Analyzing Crashes With Tenet

Evaluating crashes produced by snapshot-based fuzzers is a perfect use-case for Tenet. Tenet is a timeless trace explorer presented as a debugger-like experience in IDA Pro. Via pull request, I extended what the fuzz to produce Tenet traces using its built-in bochs backend.

Creating the following trace.bat file, we are able to generate Tenet traces of all the crashing inputs:

C:\fuzz\src\build\RelWithDebInfo\wtf.exe ^
  run ^
  --name GameFuzz ^
  --backend bochscpu ^
  --state "C:\fuzz\targets\game\state" ^
  --input "C:\fuzz\targets\game\crashes" ^
  --trace-path "C:\fuzz\targets\game\traces" ^
  --trace-type tenet

Using what the fuzz to generate Tenet traces for manual root cause analysis

There is a bit of a learning curve to Tenet’s navigation (okay, maybe a learning cliff) but once you become familiar with its ebbs and flows it can take only minutes to root cause crashes in unknown code.

As a working example, we will take a look at crash-EXCEPTION_ACCESS_VIOLATION_EXECUTE-0x7676767.trace :

In Tenet, blue highlights are memory writes while yellow are memory reads

This trace ends with a crash and RIP set to 0x7676767. Very quickly we can see that this fuzzer generated testcase caused some type of stack-based buffer overflow.

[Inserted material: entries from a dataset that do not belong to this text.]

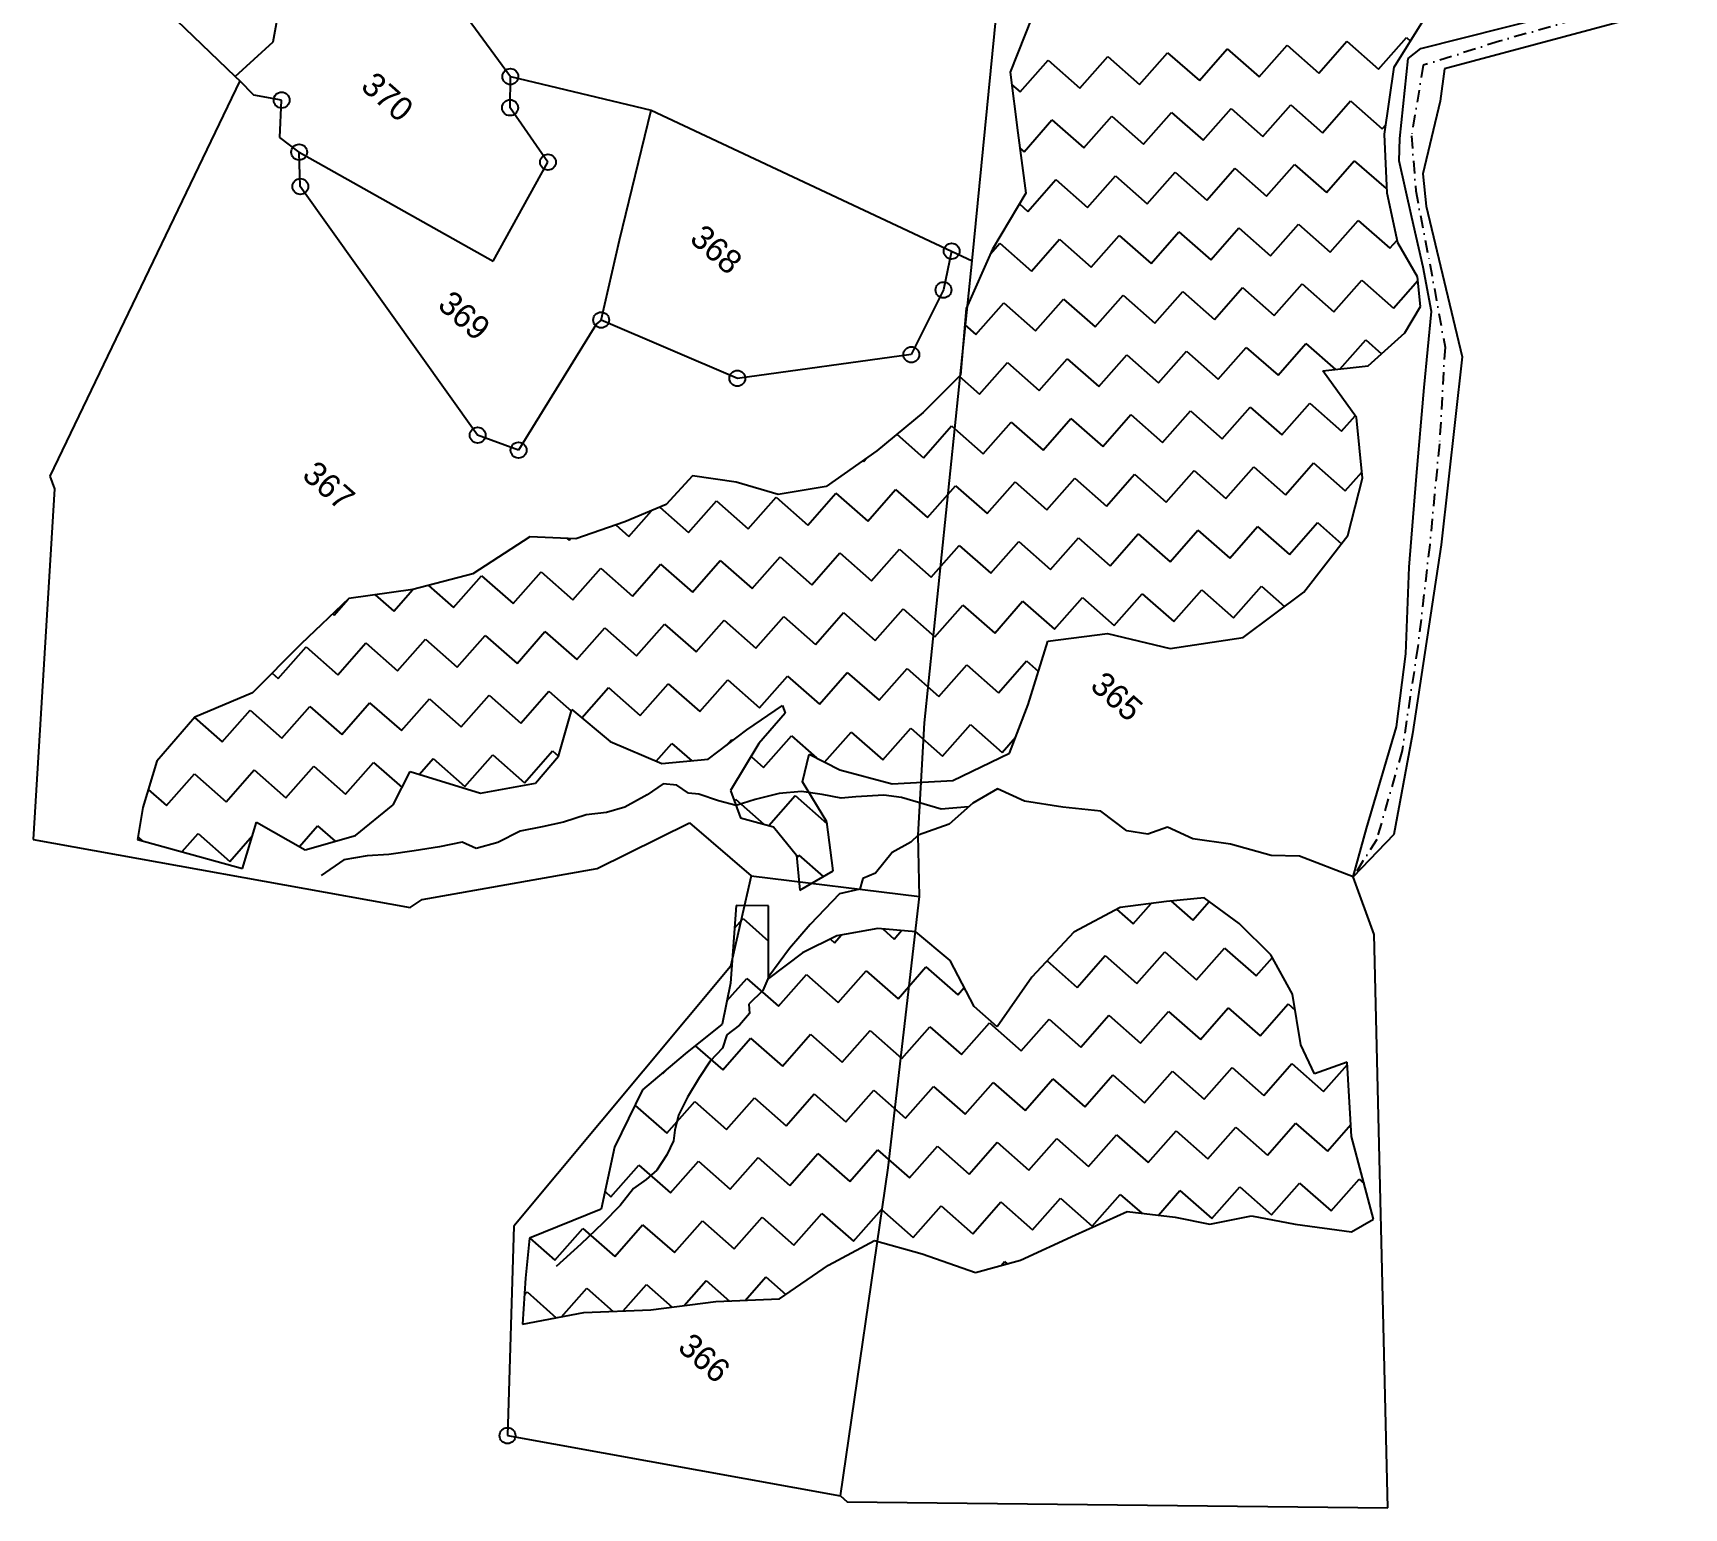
# Model space of a CAD drawing. Header units: metres. Extents: x 316400 to 324250, y 1868140 to 1873603.
# Drawn here: x 323055 to 323719, y 1868579 to 1869173 of the extents above; entities that cross this region are included whole.
import ezdxf

# ---------------------------------------------------------------- set-up
doc = ezdxf.new("R2010")
doc.units = ezdxf.units.M
doc.linetypes.add('DASHDOT', pattern=[1, 0.5, -0.25, 0, -0.25])
for name, color, linetype in [('LINE_WATER', 4, 'Continuous'), ('POLY_HATCH', 12, 'Continuous'), ('POLY_PARCEL', 6, 'Continuous'), ('POLY_WATER', 4, 'Continuous'), ('TEXT_PARCEL', 7, 'Continuous'), ('V_BOUND_LINE', 7, 'Continuous'), ('V_BOUND_STREAM_LINE', 7, 'DASHDOT')]:
    doc.layers.add(name, color=color, linetype=linetype)
doc.styles.add('TEXT_MAP', font='')
doc.styles.get('TEXT_MAP').set_extended_font_data('Kruti Dev 050')

msp = doc.modelspace()

# ---------------------------------------------------------------- linework, layer by layer
for centre in [(323247.03, 1869155.36), (323154.97, 1869145.9), (323246.92, 1869142.82), (323162.05, 1869124.93), (323262.16, 1869120.89), (323162.5, 1869111.12), (323424.61, 1869085.07), (323421.34, 1869069.47), (323283.58, 1869057.37), (323408.38, 1869043.43), (323338.38, 1869033.89), (323233.85, 1869010.99), (323250.34, 1869004.98), (323245.86, 1868608.28)]:
    msp.add_circle(centre, 3.19)
at = {"layer": 'LINE_WATER'}
for p, q in [((323308.56, 1868870.61), (323302.1, 1868866.26)), ((323314.06, 1868870.07), (323308.56, 1868870.61)), ((323318.71, 1868866.93), (323314.06, 1868870.07)), ((323302.1, 1868866.26), (323293.14, 1868861.25)), ((323322.93, 1868866.56), (323318.71, 1868866.93)), ((323330.86, 1868863.88), (323322.93, 1868866.56)), ((323337.97, 1868861.91), (323330.86, 1868863.88)), ((323345.57, 1868864.3), (323337.97, 1868861.91)), ((323355.2, 1868866.81), (323345.57, 1868864.3)), ((323364.18, 1868867.51), (323355.2, 1868866.81)), ((323372.52, 1868866.38), (323364.18, 1868867.51)), ((323380.11, 1868864.95), (323372.52, 1868866.38)), ((323386.05, 1868865.45), (323380.11, 1868864.95)), ((323397.33, 1868866.04), (323386.05, 1868865.45)), ((323404.38, 1868865.09), (323397.33, 1868866.04)), ((323420.44, 1868860.51), (323404.38, 1868865.09)), ((323433.11, 1868862.85), (323423.57, 1868854.41)), ((323443.08, 1868868.58), (323433.11, 1868862.85)), ((323453.97, 1868863.67), (323443.08, 1868868.58)), ((323469.43, 1868861.28), (323453.97, 1868863.67)), ((323277.57, 1868858.23), (323268.48, 1868855.24)), ((323285.78, 1868859.13), (323277.57, 1868858.23)), ((323293.14, 1868861.25), (323285.78, 1868859.13)), ((323431.4, 1868861.34), (323420.44, 1868860.51)), ((323484.6, 1868859.63), (323469.43, 1868861.28)), ((323495.19, 1868851.71), (323484.6, 1868859.63)), ((323250.92, 1868851.59), (323241.93, 1868847.08)), ((323259.83, 1868853.3), (323250.92, 1868851.59)), ((323268.48, 1868855.24), (323259.83, 1868853.3)), ((323411.19, 1868850.05), (323408.19, 1868847.13)), ((323423.57, 1868854.41), (323411.19, 1868850.05)), ((323503.61, 1868850.37), (323495.19, 1868851.71)), ((323511.52, 1868853.23), (323503.61, 1868850.37)), ((323521.66, 1868848.52), (323511.52, 1868853.23)), ((323208.33, 1868843.69), (323198.13, 1868842.16)), ((323218.53, 1868845.23), (323208.33, 1868843.69)), ((323227.68, 1868847.2), (323218.53, 1868845.23)), ((323233.31, 1868844.63), (323227.68, 1868847.2)), ((323241.93, 1868847.08), (323233.31, 1868844.63)), ((323400.66, 1868843.04), (323394.03, 1868834.76)), ((323408.19, 1868847.13), (323400.66, 1868843.04)), ((323536.86, 1868846.37), (323521.66, 1868848.52)), ((323553.2, 1868841.8), (323536.86, 1868846.37)), ((323179.96, 1868840), (323170.83, 1868833.7)), ((323189.38, 1868841.74), (323179.96, 1868840)), ((323198.13, 1868842.16), (323189.38, 1868841.74)), ((323564.67, 1868841.53), (323553.2, 1868841.8)), ((323586.2, 1868833.26), (323564.67, 1868841.53)), ((323388.82, 1868832.56), (323387.67, 1868828.24)), ((323394.03, 1868834.76), (323388.82, 1868832.56)), ((323379.47, 1868826.41), (323367.68, 1868814.05)), ((323387.67, 1868828.24), (323379.47, 1868826.41)), ((323367.68, 1868814.05), (323359.32, 1868804.41)), ((323359.32, 1868804.41), (323351.07, 1868793.11)), ((323351.07, 1868793.11), (323348.58, 1868787.46)), ((323348.58, 1868787.46), (323343.03, 1868781.9)), ((323343.33, 1868778.23), (323339.26, 1868773.45)), ((323343.03, 1868781.9), (323343.33, 1868778.23)), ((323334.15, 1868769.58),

With Tenet we can literally scroll between memory read/writes made to the corrupted return address, or back and forth across breakpoints to observe the loop responsible for the overflow.

Cleaning up the decompilation as it pertains to this bug, we are left with the following:

A lack of bounds checking allows the loop to write past the end of id_array

While handling this network message related to the game’s microtransactions, it will read an 8bit value num_ids out of the message (a bit buffer). It uses this value to determine how many 16bit ‘ids’ to read out of the message, storing them in the stack-based array id_array.

Since id_array only has 16 slots, the 8bit length value num_ids must not be greater than 16 or the code will continue writing arbitrary 16bit values past the end of the array. As all of this is remotely-originating data (i.e. attacker controllable) and no stack-cookies in sight, this is considered a critical vulnerability.

Tuning The Fuzzer

Having root-caused one vulnerability, we can now modify the fuzzer to precisely detect this malformed state of execution and ignore it in real-time. In this case, we want to kill execution if the 8bit num_ids parsed from the message is greater than 16.

Looking back at the assembly for the vulnerable code, we can see that the num_ids value should be in r14 at instruction 0x140244C1B just after it is parsed from the message bit buffer:

A suitable location to perform additional bounds checking against r14 (num_ids)

In the fuzzer, we can add logic to the Init(...) interface we implemented earlier to detect and ignore testcases that will explicitly meet the conditions to write past the end of the stack-based array:

bool Init(const Options_t &Opts, const CpuState_t &CpuState) {

  // stop execution if we reach the ret instruction in ParseMessages(...)
  if (!g_Backend->SetBreakpoint(Gva_t(0x1401F66C5), [](Backend_t *Backend) { 
          DebugPrint("Reached function end\n");
    return false;
  // stop execution if the testcase will trigger the MTX stack smash
  if (!g_Backend->SetBreakpoint(Gva_t(0x140244C1B), [](Backend_t *Backend) {
        if (Backend->R14() > 16) {
          DebugPrint("Ignoring MTX vuln\n");
    return false;

  // ...

This will prevent the bug from producing unnecessary ‘noise’ (crashes derived from the same bug) while enabling the fuzzer to spend time on more interesting testcases. If we rebuild what the fuzz and resume fuzzing, we should no longer experience crashes from this issue.


In this post, we demonstrated how to harness and fuzz the packet parsing code of a contemporary PC game using what the fuzz, a new open source snapshot-based fuzzer for Windows software. Over the course of three hours, the fuzzer discovered several unique crashes with concerning levels of severity.

By extending the snapshot-based fuzzer to generate Tenet traces, we performed root cause analysis on just one of the crashes, confirming its impact as a critical remote code execution vulnerability in the game client.